王建国不见了。冰柜里只有一张裹尸布,皱巴巴地堆在托架上,像被人随手扔在那儿的。冰柜内壁上有一道长长的划痕,从托架边缘一直划到柜门内侧,像是什么东西用指甲刮出来的。划痕是新的,金属的毛刺还没磨平,在冷白色的灯光下反着光。

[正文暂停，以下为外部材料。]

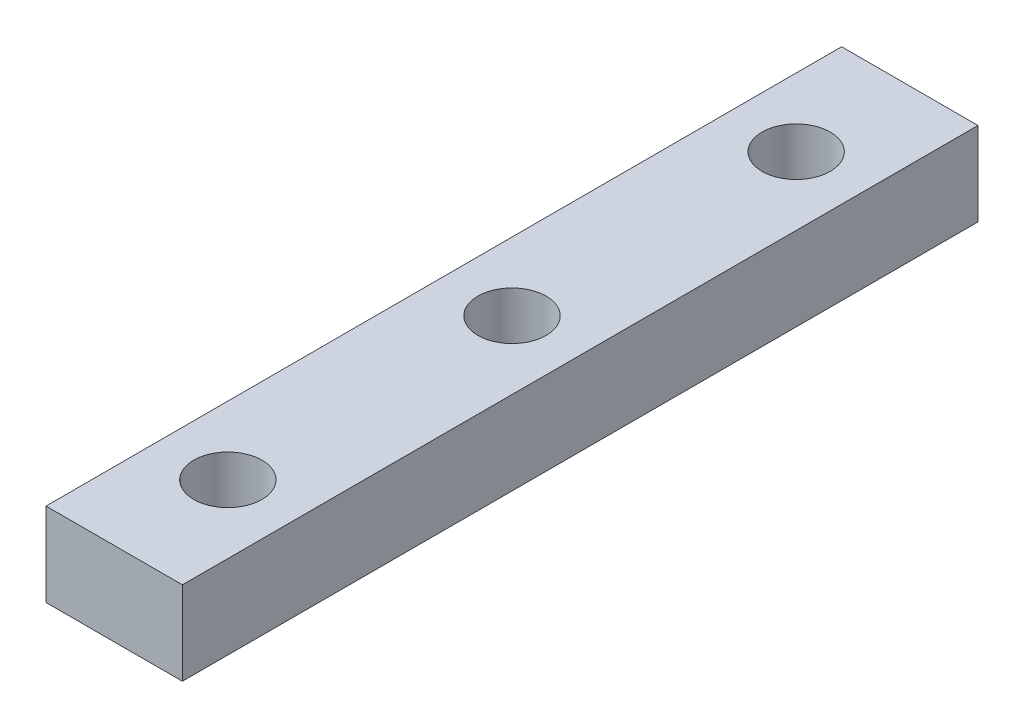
ISO-10303-21;
HEADER;
FILE_DESCRIPTION(('STEP AP214'),'2;1');
FILE_NAME('part.step','',(''),(''),'','','');
FILE_SCHEMA(('AUTOMOTIVE_DESIGN { 1 0 10303 214 1 1 1 1 }'));
ENDSEC;
DATA;
#1=APPLICATION_CONTEXT('core data for automotive mechanical design processes');
#2=APPLICATION_PROTOCOL_DEFINITION('international standard','automotive_design',2000,#1);
#3=PRODUCT_CONTEXT('',#1,'mechanical');
#4=PRODUCT('Part','Part','',(#3));
#5=PRODUCT_RELATED_PRODUCT_CATEGORY('part','',(#4));
#6=PRODUCT_DEFINITION_FORMATION('','',#4);
#7=PRODUCT_DEFINITION_CONTEXT('part definition',#1,'design');
#8=PRODUCT_DEFINITION('design','',#6,#7);
#9=PRODUCT_DEFINITION_SHAPE('','',#8);
#10=(LENGTH_UNIT() NAMED_UNIT(*) SI_UNIT(.MILLI.,.METRE.));
#11=(NAMED_UNIT(*) PLANE_ANGLE_UNIT() SI_UNIT($,.RADIAN.));
#12=(NAMED_UNIT(*) SI_UNIT($,.STERADIAN.) SOLID_ANGLE_UNIT());
#13=UNCERTAINTY_MEASURE_WITH_UNIT(LENGTH_MEASURE(1.E-05),#10,'distance_accuracy_value','');
#14=(GEOMETRIC_REPRESENTATION_CONTEXT(3) GLOBAL_UNCERTAINTY_ASSIGNED_CONTEXT((#13)) GLOBAL_UNIT_ASSIGNED_CONTEXT((#10,
#11,#12)) REPRESENTATION_CONTEXT('',''));
#15=CARTESIAN_POINT('',(0.,0.,0.));
#16=DIRECTION('',(0.,0.,1.));
#17=DIRECTION('',(1.,0.,0.));
#18=AXIS2_PLACEMENT_3D('',#15,#16,#17);
#19=CARTESIAN_POINT('',(6.,-62.6500000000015,60.));
#20=DIRECTION('',(0.,1.,0.));
#21=DIRECTION('',(0.,0.,1.));
#22=AXIS2_PLACEMENT_3D('',#19,#20,#21);
#23=CYLINDRICAL_SURFACE('',#22,1.75);
#24=CARTESIAN_POINT('',(6.,0.,60.));
#25=DIRECTION('',(0.,1.,0.));
#26=DIRECTION('',(0.,0.,1.));
#27=AXIS2_PLACEMENT_3D('',#24,#25,#26);
#28=CIRCLE('',#27,1.75);
#29=CARTESIAN_POINT('',(6.,0.,61.75));
#30=VERTEX_POINT('',#29);
#31=EDGE_CURVE('E110',#30,#30,#28,.T.);
#32=ORIENTED_EDGE('',*,*,#31,.F.);
#33=EDGE_LOOP('',(#32));
#34=FACE_BOUND('',#33,.T.);
#35=CARTESIAN_POINT('',(6.,2.84999999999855,60.));
#36=DIRECTION('',(0.,1.,0.));
#37=DIRECTION('',(0.,0.,1.));
#38=AXIS2_PLACEMENT_3D('',#35,#36,#37);
#39=CIRCLE('',#38,1.75);
#40=CARTESIAN_POINT('',(6.,2.84999999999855,61.75));
#41=VERTEX_POINT('',#40);
#42=EDGE_CURVE('E36',#41,#41,#39,.F.);
#43=ORIENTED_EDGE('',*,*,#42,.F.);
#44=EDGE_LOOP('',(#43));
#45=FACE_BOUND('',#44,.T.);
#46=ADVANCED_FACE('F32',(#34,#45),#23,.F.);
#47=CARTESIAN_POINT('',(6.,-62.6500000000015,35.));
#48=DIRECTION('',(0.,1.,0.));
#49=DIRECTION('',(0.,0.,1.));
#50=AXIS2_PLACEMENT_3D('',#47,#48,#49);
#51=CYLINDRICAL_SURFACE('',#50,1.75);
#52=CARTESIAN_POINT('',(6.,0.,35.));
#53=DIRECTION('',(0.,1.,0.));
#54=DIRECTION('',(0.,0.,1.));
#55=AXIS2_PLACEMENT_3D('',#52,#53,#54);
#56=CIRCLE('',#55,1.75);
#57=CARTESIAN_POINT('',(6.,0.,36.75));
#58=VERTEX_POINT('',#57);
#59=EDGE_CURVE('E135',#58,#58,#56,.T.);
#60=ORIENTED_EDGE('',*,*,#59,.F.);
#61=EDGE_LOOP('',(#60));
#62=FACE_BOUND('',#61,.T.);
#63=CARTESIAN_POINT('',(6.,2.84999999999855,35.));
#64=DIRECTION('',(0.,1.,0.));
#65=DIRECTION('',(0.,0.,1.));
#66=AXIS2_PLACEMENT_3D('',#63,#64,#65);
#67=CIRCLE('',#66,1.75);
#68=CARTESIAN_POINT('',(6.,2.84999999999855,36.75));
#69=VERTEX_POINT('',#68);
#70=EDGE_CURVE('E112',#69,#69,#67,.F.);
#71=ORIENTED_EDGE('',*,*,#70,.F.);
#72=EDGE_LOOP('',(#71));
#73=FACE_BOUND('',#72,.T.);
#74=ADVANCED_FACE('F145',(#62,#73),#51,.F.);
#75=CARTESIAN_POINT('',(6.,-62.6500000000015,10.));
#76=DIRECTION('',(0.,1.,0.));
#77=DIRECTION('',(0.,0.,1.));
#78=AXIS2_PLACEMENT_3D('',#75,#76,#77);
#79=CYLINDRICAL_SURFACE('',#78,1.75);
#80=CARTESIAN_POINT('',(6.,0.,10.));
#81=DIRECTION('',(0.,1.,0.));
#82=DIRECTION('',(0.,0.,1.));
#83=AXIS2_PLACEMENT_3D('',#80,#81,#82);
#84=CIRCLE('',#83,1.75);
#85=CARTESIAN_POINT('',(6.,0.,11.75));
#86=VERTEX_POINT('',#85);
#87=EDGE_CURVE('E102',#86,#86,#84,.T.);
#88=ORIENTED_EDGE('',*,*,#87,.F.);
#89=EDGE_LOOP('',(#88));
#90=FACE_BOUND('',#89,.T.);
#91=CARTESIAN_POINT('',(6.,2.84999999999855,10.));
#92=DIRECTION('',(0.,1.,0.));
#93=DIRECTION('',(0.,0.,1.));
#94=AXIS2_PLACEMENT_3D('',#91,#92,#93);
#95=CIRCLE('',#94,1.75);
#96=CARTESIAN_POINT('',(6.,2.84999999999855,11.75));
#97=VERTEX_POINT('',#96);
#98=EDGE_CURVE('E108',#97,#97,#95,.F.);
#99=ORIENTED_EDGE('',*,*,#98,.F.);
#100=EDGE_LOOP('',(#99));
#101=FACE_BOUND('',#100,.T.);
#102=ADVANCED_FACE('F142',(#90,#101),#79,.F.);
#103=CARTESIAN_POINT('',(0.,0.,70.));
#104=DIRECTION('',(1.,0.,0.));
#105=DIRECTION('',(0.,0.,-1.));
#106=AXIS2_PLACEMENT_3D('',#103,#104,#105);
#107=PLANE('',#106);
#108=DIRECTION('',(0.,-1.,0.));
#109=VECTOR('',#108,1.);
#110=CARTESIAN_POINT('',(0.,0.,0.));
#111=LINE('',#110,#109);
#112=CARTESIAN_POINT('',(0.,7.34999999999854,0.));
#113=VERTEX_POINT('',#112);
#114=CARTESIAN_POINT('',(0.,0.,0.));
#115=VERTEX_POINT('',#114);
#116=EDGE_CURVE('E99',#113,#115,#111,.T.);
#117=ORIENTED_EDGE('',*,*,#116,.T.);
#118=DIRECTION('',(0.,0.,-1.));
#119=VECTOR('',#118,1.);
#120=CARTESIAN_POINT('',(0.,0.,70.));
#121=LINE('',#120,#119);
#122=CARTESIAN_POINT('',(0.,0.,70.));
#123=VERTEX_POINT('',#122);
#124=EDGE_CURVE('E11',#123,#115,#121,.T.);
#125=ORIENTED_EDGE('',*,*,#124,.F.);
#126=DIRECTION('',(0.,-1.,0.));
#127=VECTOR('',#126,1.);
#128=CARTESIAN_POINT('',(0.,0.,70.));
#129=LINE('',#128,#127);
#130=CARTESIAN_POINT('',(0.,7.34999999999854,70.));
#131=VERTEX_POINT('',#130);
#132=EDGE_CURVE('E86',#131,#123,#129,.T.);
#133=ORIENTED_EDGE('',*,*,#132,.F.);
#134=DIRECTION('',(0.,0.,-1.));
#135=VECTOR('',#134,1.);
#136=CARTESIAN_POINT('',(0.,7.34999999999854,70.));
#137=LINE('',#136,#135);
#138=EDGE_CURVE('E95',#131,#113,#137,.T.);
#139=ORIENTED_EDGE('',*,*,#138,.T.);
#140=EDGE_LOOP('',(#117,#125,#133,#139));
#141=FACE_BOUND('',#140,.T.);
#142=ADVANCED_FACE('F34',(#141),#107,.F.);
#143=CARTESIAN_POINT('',(0.,0.,70.));
#144=DIRECTION('',(0.,1.,0.));
#145=DIRECTION('',(0.,0.,1.));
#146=AXIS2_PLACEMENT_3D('',#143,#144,#145);
#147=PLANE('',#146);
#148=ORIENTED_EDGE('',*,*,#31,.T.);
#149=EDGE_LOOP('',(#148));
#150=FACE_BOUND('',#149,.T.);
#151=ORIENTED_EDGE('',*,*,#59,.T.);
#152=EDGE_LOOP('',(#151));
#153=FACE_BOUND('',#152,.T.);
#154=ORIENTED_EDGE('',*,*,#87,.T.);
#155=EDGE_LOOP('',(#154));
#156=FACE_BOUND('',#155,.T.);
#157=DIRECTION('',(1.,0.,0.));
#158=VECTOR('',#157,1.);
#159=CARTESIAN_POINT('',(0.,0.,0.));
#160=LINE('',#159,#158);
#161=CARTESIAN_POINT('',(12.,0.,0.));
#162=VERTEX_POINT('',#161);
#163=EDGE_CURVE('E90',#115,#162,#160,.T.);
#164=ORIENTED_EDGE('',*,*,#163,.T.);
#165=DIRECTION('',(0.,0.,-1.));
#166=VECTOR('',#165,1.);
#167=CARTESIAN_POINT('',(12.,0.,70.));
#168=LINE('',#167,#166);
#169=CARTESIAN_POINT('',(12.,0.,70.));
#170=VERTEX_POINT('',#169);
#171=EDGE_CURVE('E42',#170,#162,#168,.T.);
#172=ORIENTED_EDGE('',*,*,#171,.F.);
#173=DIRECTION('',(1.,0.,0.));
#174=VECTOR('',#173,1.);
#175=CARTESIAN_POINT('',(0.,0.,70.));
#176=LINE('',#175,#174);
#177=EDGE_CURVE('E81',#123,#170,#176,.T.);
#178=ORIENTED_EDGE('',*,*,#177,.F.);
#179=ORIENTED_EDGE('',*,*,#124,.T.);
#180=EDGE_LOOP('',(#164,#172,#178,#179));
#181=FACE_BOUND('',#180,.T.);
#182=ADVANCED_FACE('F89',(#150,#153,#156,#181),#147,.F.);
#183=CARTESIAN_POINT('',(12.,0.,70.));
#184=DIRECTION('',(-1.,0.,0.));
#185=DIRECTION('',(0.,0.,1.));
#186=AXIS2_PLACEMENT_3D('',#183,#184,#185);
#187=PLANE('',#186);
#188=DIRECTION('',(0.,1.,0.));
#189=VECTOR('',#188,1.);
#190=CARTESIAN_POINT('',(12.,0.,0.));
#191=LINE('',#190,#189);
#192=CARTESIAN_POINT('',(12.,7.34999999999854,0.));
#193=VERTEX_POINT('',#192);
#194=EDGE_CURVE('E68',#162,#193,#191,.T.);
#195=ORIENTED_EDGE('',*,*,#194,.T.);
#196=DIRECTION('',(0.,0.,-1.));
#197=VECTOR('',#196,1.);
#198=CARTESIAN_POINT('',(12.,7.34999999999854,70.));
#199=LINE('',#198,#197);
#200=CARTESIAN_POINT('',(12.,7.34999999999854,70.));
#201=VERTEX_POINT('',#200);
#202=EDGE_CURVE('E91',#201,#193,#199,.T.);
#203=ORIENTED_EDGE('',*,*,#202,.F.);
#204=DIRECTION('',(0.,1.,0.));
#205=VECTOR('',#204,1.);
#206=CARTESIAN_POINT('',(12.,0.,70.));
#207=LINE('',#206,#205);
#208=EDGE_CURVE('E84',#170,#201,#207,.T.);
#209=ORIENTED_EDGE('',*,*,#208,.F.);
#210=ORIENTED_EDGE('',*,*,#171,.T.);
#211=EDGE_LOOP('',(#195,#203,#209,#210));
#212=FACE_BOUND('',#211,.T.);
#213=ADVANCED_FACE('F93',(#212),#187,.F.);
#214=CARTESIAN_POINT('',(0.,7.34999999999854,70.));
#215=DIRECTION('',(0.,-1.,0.));
#216=DIRECTION('',(0.,0.,-1.));
#217=AXIS2_PLACEMENT_3D('',#214,#215,#216);
#218=PLANE('',#217);
#219=CARTESIAN_POINT('',(6.,7.34999999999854,60.));
#220=DIRECTION('',(0.,1.,0.));
#221=DIRECTION('',(0.,0.,1.));
#222=AXIS2_PLACEMENT_3D('',#219,#220,#221);
#223=CIRCLE('',#222,3.);
#224=CARTESIAN_POINT('',(6.,7.34999999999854,63.));
#225=VERTEX_POINT('',#224);
#226=EDGE_CURVE('E128',#225,#225,#223,.T.);
#227=ORIENTED_EDGE('',*,*,#226,.F.);
#228=EDGE_LOOP('',(#227));
#229=FACE_BOUND('',#228,.T.);
#230=CARTESIAN_POINT('',(6.,7.34999999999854,35.));
#231=DIRECTION('',(0.,1.,0.));
#232=DIRECTION('',(0.,0.,1.));
#233=AXIS2_PLACEMENT_3D('',#230,#231,#232);
#234=CIRCLE('',#233,3.);
#235=CARTESIAN_POINT('',(6.,7.34999999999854,38.));
#236=VERTEX_POINT('',#235);
#237=EDGE_CURVE('E121',#236,#236,#234,.T.);
#238=ORIENTED_EDGE('',*,*,#237,.F.);
#239=EDGE_LOOP('',(#238));
#240=FACE_BOUND('',#239,.T.);
#241=CARTESIAN_POINT('',(6.,7.34999999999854,10.));
#242=DIRECTION('',(0.,1.,0.));
#243=DIRECTION('',(0.,0.,1.));
#244=AXIS2_PLACEMENT_3D('',#241,#242,#243);
#245=CIRCLE('',#244,3.);
#246=CARTESIAN_POINT('',(6.,7.34999999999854,13.));
#247=VERTEX_POINT('',#246);
#248=EDGE_CURVE('E114',#247,#247,#245,.T.);
#249=ORIENTED_EDGE('',*,*,#248,.F.);
#250=EDGE_LOOP('',(#249));
#251=FACE_BOUND('',#250,.T.);
#252=DIRECTION('',(-1.,0.,0.));
#253=VECTOR('',#252,1.);
#254=CARTESIAN_POINT('',(0.,7.34999999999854,0.));
#255=LINE('',#254,#253);
#256=EDGE_CURVE('E74',#193,#113,#255,.T.);
#257=ORIENTED_EDGE('',*,*,#256,.T.);
#258=ORIENTED_EDGE('',*,*,#138,.F.);
#259=DIRECTION('',(-1.,0.,0.));
#260=VECTOR('',#259,1.);
#261=CARTESIAN_POINT('',(0.,7.34999999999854,70.));
#262=LINE('',#261,#260);
#263=EDGE_CURVE('E51',#201,#131,#262,.T.);
#264=ORIENTED_EDGE('',*,*,#263,.F.);
#265=ORIENTED_EDGE('',*,*,#202,.T.);
#266=EDGE_LOOP('',(#257,#258,#264,#265));
#267=FACE_BOUND('',#266,.T.);
#268=ADVANCED_FACE('F177',(#229,#240,#251,#267),#218,.F.);
#269=CARTESIAN_POINT('',(0.,7.34999999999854,70.));
#270=DIRECTION('',(0.,0.,-1.));
#271=DIRECTION('',(-1.,0.,0.));
#272=AXIS2_PLACEMENT_3D('',#269,#270,#271);
#273=PLANE('',#272);
#274=ORIENTED_EDGE('',*,*,#132,.T.);
#275=ORIENTED_EDGE('',*,*,#177,.T.);
#276=ORIENTED_EDGE('',*,*,#208,.T.);
#277=ORIENTED_EDGE('',*,*,#263,.T.);
#278=EDGE_LOOP('',(#274,#275,#276,#277));
#279=FACE_BOUND('',#278,.T.);
#280=ADVANCED_FACE('F82',(#279),#273,.F.);
#281=CARTESIAN_POINT('',(0.,7.34999999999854,0.));
#282=DIRECTION('',(0.,0.,-1.));
#283=DIRECTION('',(-1.,0.,0.));
#284=AXIS2_PLACEMENT_3D('',#281,#282,#283);
#285=PLANE('',#284);
#286=ORIENTED_EDGE('',*,*,#116,.F.);
#287=ORIENTED_EDGE('',*,*,#256,.F.);
#288=ORIENTED_EDGE('',*,*,#194,.F.);
#289=ORIENTED_EDGE('',*,*,#163,.F.);
#290=EDGE_LOOP('',(#286,#287,#288,#289));
#291=FACE_BOUND('',#290,.T.);
#292=ADVANCED_FACE('F152',(#291),#285,.T.);
#293=CARTESIAN_POINT('',(6.,2.84999999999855,10.));
#294=DIRECTION('',(0.,1.,0.));
#295=DIRECTION('',(0.,0.,1.));
#296=AXIS2_PLACEMENT_3D('',#293,#294,#295);
#297=PLANE('',#296);
#298=CARTESIAN_POINT('',(6.,2.84999999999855,10.));
#299=DIRECTION('',(0.,1.,0.));
#300=DIRECTION('',(0.,0.,1.));
#301=AXIS2_PLACEMENT_3D('',#298,#299,#300);
#302=CIRCLE('',#301,3.);
#303=CARTESIAN_POINT('',(6.,2.84999999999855,13.));
#304=VERTEX_POINT('',#303);
#305=EDGE_CURVE('E111',#304,#304,#302,.T.);
#306=ORIENTED_EDGE('',*,*,#305,.T.);
#307=EDGE_LOOP('',(#306));
#308=FACE_BOUND('',#307,.T.);
#309=ORIENTED_EDGE('',*,*,#98,.T.);
#310=EDGE_LOOP('',(#309));
#311=FACE_BOUND('',#310,.T.);
#312=ADVANCED_FACE('F149',(#308,#311),#297,.T.);
#313=CARTESIAN_POINT('',(6.,2.84999999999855,10.));
#314=DIRECTION('',(0.,1.,0.));
#315=DIRECTION('',(0.,0.,1.));
#316=AXIS2_PLACEMENT_3D('',#313,#314,#315);
#317=CYLINDRICAL_SURFACE('',#316,3.);
#318=ORIENTED_EDGE('',*,*,#305,.F.);
#319=EDGE_LOOP('',(#318));
#320=FACE_BOUND('',#319,.T.);
#321=ORIENTED_EDGE('',*,*,#248,.T.);
#322=EDGE_LOOP('',(#321));
#323=FACE_BOUND('',#322,.T.);
#324=ADVANCED_FACE('F151',(#320,#323),#317,.F.);
#325=CARTESIAN_POINT('',(6.,2.84999999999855,35.));
#326=DIRECTION('',(0.,1.,0.));
#327=DIRECTION('',(0.,0.,1.));
#328=AXIS2_PLACEMENT_3D('',#325,#326,#327);
#329=PLANE('',#328);
#330=CARTESIAN_POINT('',(6.,2.84999999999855,35.));
#331=DIRECTION('',(0.,1.,0.));
#332=DIRECTION('',(0.,0.,1.));
#333=AXIS2_PLACEMENT_3D('',#330,#331,#332);
#334=CIRCLE('',#333,3.);
#335=CARTESIAN_POINT('',(6.,2.84999999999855,38.));
#336=VERTEX_POINT('',#335);
#337=EDGE_CURVE('E115',#336,#336,#334,.T.);
#338=ORIENTED_EDGE('',*,*,#337,.T.);
#339=EDGE_LOOP('',(#338));
#340=FACE_BOUND('',#339,.T.);
#341=ORIENTED_EDGE('',*,*,#70,.T.);
#342=EDGE_LOOP('',(#341));
#343=FACE_BOUND('',#342,.T.);
#344=ADVANCED_FACE('F159',(#340,#343),#329,.T.);
#345=CARTESIAN_POINT('',(6.,2.84999999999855,35.));
#346=DIRECTION('',(0.,1.,0.));
#347=DIRECTION('',(0.,0.,1.));
#348=AXIS2_PLACEMENT_3D('',#345,#346,#347);
#349=CYLINDRICAL_SURFACE('',#348,3.);
#350=ORIENTED_EDGE('',*,*,#337,.F.);
#351=EDGE_LOOP('',(#350));
#352=FACE_BOUND('',#351,.T.);
#353=ORIENTED_EDGE('',*,*,#237,.T.);
#354=EDGE_LOOP('',(#353));
#355=FACE_BOUND('',#354,.T.);
#356=ADVANCED_FACE('F254',(#352,#355),#349,.F.);
#357=CARTESIAN_POINT('',(6.,2.84999999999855,60.));
#358=DIRECTION('',(0.,1.,0.));
#359=DIRECTION('',(0.,0.,1.));
#360=AXIS2_PLACEMENT_3D('',#357,#358,#359);
#361=PLANE('',#360);
#362=CARTESIAN_POINT('',(6.,2.84999999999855,60.));
#363=DIRECTION('',(0.,1.,0.));
#364=DIRECTION('',(0.,0.,1.));
#365=AXIS2_PLACEMENT_3D('',#362,#363,#364);
#366=CIRCLE('',#365,3.);
#367=CARTESIAN_POINT('',(6.,2.84999999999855,63.));
#368=VERTEX_POINT('',#367);
#369=EDGE_CURVE('E289',#368,#368,#366,.T.);
#370=ORIENTED_EDGE('',*,*,#369,.T.);
#371=EDGE_LOOP('',(#370));
#372=FACE_BOUND('',#371,.T.);
#373=ORIENTED_EDGE('',*,*,#42,.T.);
#374=EDGE_LOOP('',(#373));
#375=FACE_BOUND('',#374,.T.);
#376=ADVANCED_FACE('F263',(#372,#375),#361,.T.);
#377=CARTESIAN_POINT('',(6.,2.84999999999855,60.));
#378=DIRECTION('',(0.,1.,0.));
#379=DIRECTION('',(0.,0.,1.));
#380=AXIS2_PLACEMENT_3D('',#377,#378,#379);
#381=CYLINDRICAL_SURFACE('',#380,3.);
#382=ORIENTED_EDGE('',*,*,#369,.F.);
#383=EDGE_LOOP('',(#382));
#384=FACE_BOUND('',#383,.T.);
#385=ORIENTED_EDGE('',*,*,#226,.T.);
#386=EDGE_LOOP('',(#385));
#387=FACE_BOUND('',#386,.T.);
#388=ADVANCED_FACE('F272',(#384,#387),#381,.F.);
#389=CLOSED_SHELL('',(#46,#74,#102,#142,#182,#213,#268,#280,#292,#312,#324,#344,#356,#376,#388));
#390=MANIFOLD_SOLID_BREP('B2',#389);
#391=ADVANCED_BREP_SHAPE_REPRESENTATION('',(#18,#390),#14);
#392=SHAPE_DEFINITION_REPRESENTATION(#9,#391);
ENDSEC;
END-ISO-10303-21;

周然把5号关上,在登记簿上写了“设备正常“,字迹歪歪扭扭的,他自己都认不太出来。
他走出停尸房,面无表情地路过走廊里打招呼的同事,“早啊“,“嗯,早“,然后回到值班室,把门锁了。
坐在折叠床上,他盯着自己的手看了很久。手心发白,指尖发青,像泡在冰水里太久的样子。他用另一只手握了一下,冰的。他摸了一下自己的脸,也是凉的。
手机屏幕亮了一下。
他拿起来看,收到一条短信。没有发件人,号码栏是空的,只有一行字:
“她也看见你了。“
周然盯着那行字,手机差点从手里滑出去。他想回拨,但号码栏是空的,没法回拨。他想截图,截了,保存了,存在相册里。然后他想删掉这条短信,手指头放在删除键上停了半天,最后没删。
他需要证据。证明自己没疯。证明这些事是真实发生的。删了就什么都没了。
他又看了一遍那条短信。“她也看见你了。“她是谁?那个老太太?还是别的什么?她看见他什么了?
他把手机扣在床上,拉过被子裹住自己。五月底的天气,快入夏了,他冷得打哆嗦。窗外有蝉在叫,声音很大,刺耳,像是另一个世界传过来的。